What is something interesting that u guys have recently learned

nickbros123

4:24 PM

@SillyGoose my reaction to everything in math

Ryder Rude

@Sanjana if all the terms are symmetric wrt exchange of x and y, then the determinant wud b zero

Silly Goose

XD

Ryder Rude

but my formula.had this term $x^2y$

so maybe it's still not invertible in some non trivial way

nickbros123

@Sanjana i envy u really. the calculus and matrix theory we learnt in JEE was pure crap. it was all tricks and hardly any rigor. simple stuff like RREF procedure on the identnty gives us the inverse, it was taught as a "trick" when they couldve presented the theory

Sanjana

David Gross, Witten's Ph.D. supervisor wrote a one line recommendation letter to Weinberg about Witten which is something along the lines of
"He is smarter than me and is probably smarter than you, so you better accept him."

Silly Goose

4:28 PM

What does one do RREF calculations for in a LA class?

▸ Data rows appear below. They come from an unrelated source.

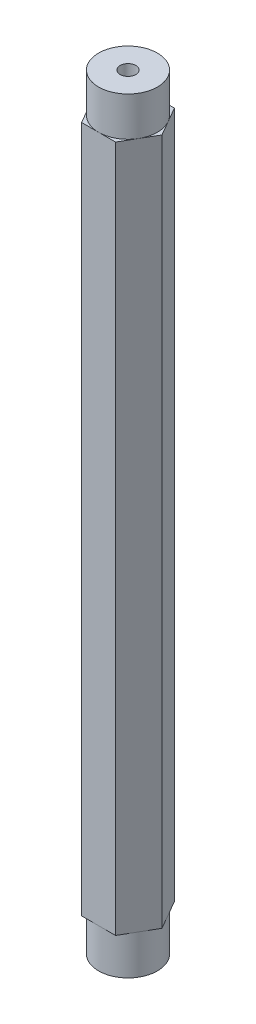
ISO-10303-21;
HEADER;
FILE_DESCRIPTION(('STEP AP214'),'2;1');
FILE_NAME('part.step','',(''),(''),'','','');
FILE_SCHEMA(('AUTOMOTIVE_DESIGN { 1 0 10303 214 1 1 1 1 }'));
ENDSEC;
DATA;
#1=APPLICATION_CONTEXT('core data for automotive mechanical design processes');
#2=APPLICATION_PROTOCOL_DEFINITION('international standard','automotive_design',2000,#1);
#3=PRODUCT_CONTEXT('',#1,'mechanical');
#4=PRODUCT('Part','Part','',(#3));
#5=PRODUCT_RELATED_PRODUCT_CATEGORY('part','',(#4));
#6=PRODUCT_DEFINITION_FORMATION('','',#4);
#7=PRODUCT_DEFINITION_CONTEXT('part definition',#1,'design');
#8=PRODUCT_DEFINITION('design','',#6,#7);
#9=PRODUCT_DEFINITION_SHAPE('','',#8);
#10=(LENGTH_UNIT() NAMED_UNIT(*) SI_UNIT(.MILLI.,.METRE.));
#11=(NAMED_UNIT(*) PLANE_ANGLE_UNIT() SI_UNIT($,.RADIAN.));
#12=(NAMED_UNIT(*) SI_UNIT($,.STERADIAN.) SOLID_ANGLE_UNIT());
#13=UNCERTAINTY_MEASURE_WITH_UNIT(LENGTH_MEASURE(1.E-05),#10,'distance_accuracy_value','');
#14=(GEOMETRIC_REPRESENTATION_CONTEXT(3) GLOBAL_UNCERTAINTY_ASSIGNED_CONTEXT((#13)) GLOBAL_UNIT_ASSIGNED_CONTEXT((#10,
#11,#12)) REPRESENTATION_CONTEXT('',''));
#15=CARTESIAN_POINT('',(0.,0.,0.));
#16=DIRECTION('',(0.,0.,1.));
#17=DIRECTION('',(1.,0.,0.));
#18=AXIS2_PLACEMENT_3D('',#15,#16,#17);
#19=CARTESIAN_POINT('',(0.,-27.813,0.));
#20=DIRECTION('',(0.,1.,0.));
#21=DIRECTION('',(0.,0.,1.));
#22=AXIS2_PLACEMENT_3D('',#19,#20,#21);
#23=PLANE('',#22);
#24=CARTESIAN_POINT('',(0.,-27.813,0.));
#25=DIRECTION('',(0.,-1.,0.));
#26=DIRECTION('',(0.,0.,-1.));
#27=AXIS2_PLACEMENT_3D('',#24,#25,#26);
#28=CIRCLE('',#27,2.38125);
#29=CARTESIAN_POINT('',(0.,-27.813,-2.38125));
#30=VERTEX_POINT('',#29);
#31=CARTESIAN_POINT('',(2.06222299276169,-27.813,-1.190625));
#32=VERTEX_POINT('',#31);
#33=EDGE_CURVE('E51',#30,#32,#28,.T.);
#34=ORIENTED_EDGE('',*,*,#33,.F.);
#35=DIRECTION('',(-1.,0.,0.));
#36=VECTOR('',#35,1.);
#37=CARTESIAN_POINT('',(1.37481532850779,-27.813,-2.38125));
#38=LINE('',#37,#36);
#39=CARTESIAN_POINT('',(1.37481532850779,-27.813,-2.38125));
#40=VERTEX_POINT('',#39);
#41=EDGE_CURVE('E132',#40,#30,#38,.T.);
#42=ORIENTED_EDGE('',*,*,#41,.F.);
#43=DIRECTION('',(-0.5,0.,-0.866025403784439));
#44=VECTOR('',#43,1.);
#45=CARTESIAN_POINT('',(2.74963065701559,-27.813,0.));
#46=LINE('',#45,#44);
#47=EDGE_CURVE('E157',#32,#40,#46,.T.);
#48=ORIENTED_EDGE('',*,*,#47,.F.);
#49=EDGE_LOOP('',(#34,#42,#48));
#50=FACE_BOUND('',#49,.T.);
#51=ADVANCED_FACE('F39',(#50),#23,.F.);
#52=CARTESIAN_POINT('',(2.06222299276169,-27.813,1.190625));
#53=VERTEX_POINT('',#52);
#54=EDGE_CURVE('E11',#32,#53,#28,.T.);
#55=ORIENTED_EDGE('',*,*,#54,.F.);
#56=CARTESIAN_POINT('',(2.74963065701559,-27.813,0.));
#57=VERTEX_POINT('',#56);
#58=EDGE_CURVE('E155',#57,#32,#46,.T.);
#59=ORIENTED_EDGE('',*,*,#58,.F.);
#60=DIRECTION('',(0.5,0.,-0.866025403784439));
#61=VECTOR('',#60,1.);
#62=CARTESIAN_POINT('',(1.3748153285078,-27.813,2.38125));
#63=LINE('',#62,#61);
#64=EDGE_CURVE('E225',#53,#57,#63,.T.);
#65=ORIENTED_EDGE('',*,*,#64,.F.);
#66=EDGE_LOOP('',(#55,#59,#65));
#67=FACE_BOUND('',#66,.T.);
#68=ADVANCED_FACE('F308',(#67),#23,.F.);
#69=CARTESIAN_POINT('',(0.,-27.813,2.38125));
#70=VERTEX_POINT('',#69);
#71=EDGE_CURVE('E49',#53,#70,#28,.T.);
#72=ORIENTED_EDGE('',*,*,#71,.F.);
#73=CARTESIAN_POINT('',(1.3748153285078,-27.813,2.38125));
#74=VERTEX_POINT('',#73);
#75=EDGE_CURVE('E226',#74,#53,#63,.T.);
#76=ORIENTED_EDGE('',*,*,#75,.F.);
#77=DIRECTION('',(1.,0.,0.));
#78=VECTOR('',#77,1.);
#79=CARTESIAN_POINT('',(-1.3748153285078,-27.813,2.38125));
#80=LINE('',#79,#78);
#81=EDGE_CURVE('E186',#70,#74,#80,.T.);
#82=ORIENTED_EDGE('',*,*,#81,.F.);
#83=EDGE_LOOP('',(#72,#76,#82));
#84=FACE_BOUND('',#83,.T.);
#85=ADVANCED_FACE('F313',(#84),#23,.F.);
#86=CARTESIAN_POINT('',(-2.0622229927617,-27.813,1.190625));
#87=VERTEX_POINT('',#86);
#88=EDGE_CURVE('E171',#70,#87,#28,.T.);
#89=ORIENTED_EDGE('',*,*,#88,.F.);
#90=CARTESIAN_POINT('',(-1.3748153285078,-27.813,2.38125));
#91=VERTEX_POINT('',#90);
#92=EDGE_CURVE('E221',#91,#70,#80,.T.);
#93=ORIENTED_EDGE('',*,*,#92,.F.);
#94=DIRECTION('',(0.5,0.,0.866025403784439));
#95=VECTOR('',#94,1.);
#96=CARTESIAN_POINT('',(-2.74963065701559,-27.813,0.));
#97=LINE('',#96,#95);
#98=EDGE_CURVE('E234',#87,#91,#97,.T.);
#99=ORIENTED_EDGE('',*,*,#98,.F.);
#100=EDGE_LOOP('',(#89,#93,#99));
#101=FACE_BOUND('',#100,.T.);
#102=ADVANCED_FACE('F328',(#101),#23,.F.);
#103=CARTESIAN_POINT('',(-2.06222299276169,-27.813,-1.190625));
#104=VERTEX_POINT('',#103);
#105=EDGE_CURVE('E166',#87,#104,#28,.T.);
#106=ORIENTED_EDGE('',*,*,#105,.F.);
#107=CARTESIAN_POINT('',(-2.74963065701559,-27.813,0.));
#108=VERTEX_POINT('',#107);
#109=EDGE_CURVE('E235',#108,#87,#97,.T.);
#110=ORIENTED_EDGE('',*,*,#109,.F.);
#111=DIRECTION('',(-0.5,0.,0.866025403784439));
#112=VECTOR('',#111,1.);
#113=CARTESIAN_POINT('',(-1.3748153285078,-27.813,-2.38125));
#114=LINE('',#113,#112);
#115=EDGE_CURVE('E144',#104,#108,#114,.T.);
#116=ORIENTED_EDGE('',*,*,#115,.F.);
#117=EDGE_LOOP('',(#106,#110,#116));
#118=FACE_BOUND('',#117,.T.);
#119=ADVANCED_FACE('F318',(#118),#23,.F.);
#120=CARTESIAN_POINT('',(0.,27.813,0.));
#121=DIRECTION('',(0.,1.,0.));
#122=DIRECTION('',(0.,0.,1.));
#123=AXIS2_PLACEMENT_3D('',#120,#121,#122);
#124=PLANE('',#123);
#125=CARTESIAN_POINT('',(0.,27.813,0.));
#126=DIRECTION('',(0.,1.,0.));
#127=DIRECTION('',(0.,0.,1.));
#128=AXIS2_PLACEMENT_3D('',#125,#126,#127);
#129=CIRCLE('',#128,2.38125);
#130=CARTESIAN_POINT('',(0.,27.813,2.38125));
#131=VERTEX_POINT('',#130);
#132=CARTESIAN_POINT('',(2.06222299276169,27.813,1.190625));
#133=VERTEX_POINT('',#132);
#134=EDGE_CURVE('E175',#131,#133,#129,.T.);
#135=ORIENTED_EDGE('',*,*,#134,.F.);
#136=DIRECTION('',(1.,0.,0.));
#137=VECTOR('',#136,1.);
#138=CARTESIAN_POINT('',(-1.3748153285078,27.813,2.38125));
#139=LINE('',#138,#137);
#140=CARTESIAN_POINT('',(1.3748153285078,27.813,2.38125));
#141=VERTEX_POINT('',#140);
#142=EDGE_CURVE('E195',#131,#141,#139,.T.);
#143=ORIENTED_EDGE('',*,*,#142,.T.);
#144=DIRECTION('',(0.5,0.,-0.866025403784439));
#145=VECTOR('',#144,1.);
#146=CARTESIAN_POINT('',(1.3748153285078,27.813,2.38125));
#147=LINE('',#146,#145);
#148=EDGE_CURVE('E196',#141,#133,#147,.T.);
#149=ORIENTED_EDGE('',*,*,#148,.T.);
#150=EDGE_LOOP('',(#135,#143,#149));
#151=FACE_BOUND('',#150,.T.);
#152=ADVANCED_FACE('F326',(#151),#124,.T.);
#153=CARTESIAN_POINT('',(2.06222299276169,27.813,-1.190625));
#154=VERTEX_POINT('',#153);
#155=EDGE_CURVE('E168',#133,#154,#129,.T.);
#156=ORIENTED_EDGE('',*,*,#155,.F.);
#157=CARTESIAN_POINT('',(2.74963065701559,27.813,0.));
#158=VERTEX_POINT('',#157);
#159=EDGE_CURVE('E194',#133,#158,#147,.T.);
#160=ORIENTED_EDGE('',*,*,#159,.T.);
#161=DIRECTION('',(-0.5,0.,-0.866025403784439));
#162=VECTOR('',#161,1.);
#163=CARTESIAN_POINT('',(2.74963065701559,27.813,0.));
#164=LINE('',#163,#162);
#165=EDGE_CURVE('E201',#158,#154,#164,.T.);
#166=ORIENTED_EDGE('',*,*,#165,.T.);
#167=EDGE_LOOP('',(#156,#160,#166));
#168=FACE_BOUND('',#167,.T.);
#169=ADVANCED_FACE('F279',(#168),#124,.T.);
#170=CARTESIAN_POINT('',(0.,27.813,-2.38125));
#171=VERTEX_POINT('',#170);
#172=EDGE_CURVE('E173',#154,#171,#129,.T.);
#173=ORIENTED_EDGE('',*,*,#172,.F.);
#174=CARTESIAN_POINT('',(1.37481532850779,27.813,-2.38125));
#175=VERTEX_POINT('',#174);
#176=EDGE_CURVE('E200',#154,#175,#164,.T.);
#177=ORIENTED_EDGE('',*,*,#176,.T.);
#178=DIRECTION('',(-1.,0.,0.));
#179=VECTOR('',#178,1.);
#180=CARTESIAN_POINT('',(1.37481532850779,27.813,-2.38125));
#181=LINE('',#180,#179);
#182=EDGE_CURVE('E206',#175,#171,#181,.T.);
#183=ORIENTED_EDGE('',*,*,#182,.T.);
#184=EDGE_LOOP('',(#173,#177,#183));
#185=FACE_BOUND('',#184,.T.);
#186=ADVANCED_FACE('F275',(#185),#124,.T.);
#187=CARTESIAN_POINT('',(-2.06222299276169,27.813,-1.190625));
#188=VERTEX_POINT('',#187);
#189=EDGE_CURVE('E267',#171,#188,#129,.T.);
#190=ORIENTED_EDGE('',*,*,#189,.F.);
#191=CARTESIAN_POINT('',(-1.3748153285078,27.813,-2.38125));
#192=VERTEX_POINT('',#191);
#193=EDGE_CURVE('E205',#171,#192,#181,.T.);
#194=ORIENTED_EDGE('',*,*,#193,.T.);
#195=DIRECTION('',(-0.5,0.,0.866025403784439));
#196=VECTOR('',#195,1.);
#197=CARTESIAN_POINT('',(-1.3748153285078,27.813,-2.38125));
#198=LINE('',#197,#196);
#199=EDGE_CURVE('E211',#192,#188,#198,.T.);
#200=ORIENTED_EDGE('',*,*,#199,.T.);
#201=EDGE_LOOP('',(#190,#194,#200));
#202=FACE_BOUND('',#201,.T.);
#203=ADVANCED_FACE('F495',(#202),#124,.T.);
#204=CARTESIAN_POINT('',(-2.0622229927617,27.813,1.190625));
#205=VERTEX_POINT('',#204);
#206=EDGE_CURVE('E263',#188,#205,#129,.T.);
#207=ORIENTED_EDGE('',*,*,#206,.F.);
#208=CARTESIAN_POINT('',(-2.74963065701559,27.813,0.));
#209=VERTEX_POINT('',#208);
#210=EDGE_CURVE('E210',#188,#209,#198,.T.);
#211=ORIENTED_EDGE('',*,*,#210,.T.);
#212=DIRECTION('',(0.5,0.,0.866025403784439));
#213=VECTOR('',#212,1.);
#214=CARTESIAN_POINT('',(-2.74963065701559,27.813,0.));
#215=LINE('',#214,#213);
#216=EDGE_CURVE('E216',#209,#205,#215,.T.);
#217=ORIENTED_EDGE('',*,*,#216,.T.);
#218=EDGE_LOOP('',(#207,#211,#217));
#219=FACE_BOUND('',#218,.T.);
#220=ADVANCED_FACE('F324',(#219),#124,.T.);
#221=EDGE_CURVE('E190',#205,#131,#129,.T.);
#222=ORIENTED_EDGE('',*,*,#221,.F.);
#223=CARTESIAN_POINT('',(-1.3748153285078,27.813,2.38125));
#224=VERTEX_POINT('',#223);
#225=EDGE_CURVE('E215',#205,#224,#215,.T.);
#226=ORIENTED_EDGE('',*,*,#225,.T.);
#227=EDGE_CURVE('E191',#224,#131,#139,.T.);
#228=ORIENTED_EDGE('',*,*,#227,.T.);
#229=EDGE_LOOP('',(#222,#226,#228));
#230=FACE_BOUND('',#229,.T.);
#231=ADVANCED_FACE('F317',(#230),#124,.T.);
#232=EDGE_CURVE('E150',#104,#30,#28,.T.);
#233=ORIENTED_EDGE('',*,*,#232,.F.);
#234=CARTESIAN_POINT('',(-1.3748153285078,-27.813,-2.38125));
#235=VERTEX_POINT('',#234);
#236=EDGE_CURVE('E153',#235,#104,#114,.T.);
#237=ORIENTED_EDGE('',*,*,#236,.F.);
#238=EDGE_CURVE('E136',#30,#235,#38,.T.);
#239=ORIENTED_EDGE('',*,*,#238,.F.);
#240=EDGE_LOOP('',(#233,#237,#239));
#241=FACE_BOUND('',#240,.T.);
#242=ADVANCED_FACE('F148',(#241),#23,.F.);
#243=CARTESIAN_POINT('',(-1.3748153285078,27.813,2.38125));
#244=DIRECTION('',(0.,0.,-1.));
#245=DIRECTION('',(-1.,0.,0.));
#246=AXIS2_PLACEMENT_3D('',#243,#244,#245);
#247=PLANE('',#246);
#248=ORIENTED_EDGE('',*,*,#92,.T.);
#249=ORIENTED_EDGE('',*,*,#81,.T.);
#250=DIRECTION('',(0.,-1.,0.));
#251=VECTOR('',#250,1.);
#252=CARTESIAN_POINT('',(1.3748153285078,27.813,2.38125));
#253=LINE('',#252,#251);
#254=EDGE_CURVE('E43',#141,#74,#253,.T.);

You can read off the rank and nullity but what else

Oh solve linear systems

nickbros123

use lin alg in python

but writing code for rref from scratch is...some use of your time

Silly Goose

Lol witten worked with weinberg (steven?)?

Sanjana

@RyderRude I tried this for a symmetric matrix, though. It works out nicely. But now it appears it works out for the general case too if we include a polynomial which has a functionally homogeneous form...need to find out why...

nickbros123

@SillyGoose you can actually prove some cool stuff from just rref calculations

@SillyGoose that steinitz exchange lemma holds for arbitrary sized subsets of any vector space whatsoever

Ryder Rude

@Sanjana oh

Sanjana

4:32 PM

@SillyGoose I dunno if he worked with him, but yeah he went to Harvard for Postdoc during a time when Weinberg was there

What I do know is: Burgess was Weinberg's PhD student. Yet he wrote no paper with him!

Silly Goose

Oh i didnt know weinberg was at harvard at some point; i associate him with UT Austin

Sanjana

He was there for 10 years only afaik

I just remembered Weinberg Witten theorem...Yes, he did work with him

Silly Goose

4:48 PM

Oh i see

Is there a reason people always refer to homology spaces as groups? If I have a chain complex of R-modules, the homology spaces will then be R-modules. We can additionally forget about the R structure and deal with the underlying group.

nickbros123

ive been having second thoughts about my method of learning--> basically i look at the axioms of the chapter and use the remainder of the chapter as a problem book, ie all theorems are problems. ive noticed though, in 3 months time, ive just completed 3 chapters of Hoffman Kunze, and 3 of rudin. how do u guys go through books that make it efficient, cuz there will be semesters where my study method could indeed get me killed

Silly Goose

For core maths i read through the text thoroughly and tried to see if I could outline the proof or intuit the results of theorems i thought were important. For less core maths I read through what seemed relevant and skipped things that seemed not. Usually if i skipped something relevant it would come up again in another result later on, so I would just go back to read what i skipped

I only really did problems for the maths i took classes for though, which is probably not the best way to do things :P

but, e.g., i wasn’t learning Lie theory to do lie theoretic computations just to obtain the vocab and conceptual understanding to know of its existence and scope in physics, so in this case it was appropriate to not really do any problems imo.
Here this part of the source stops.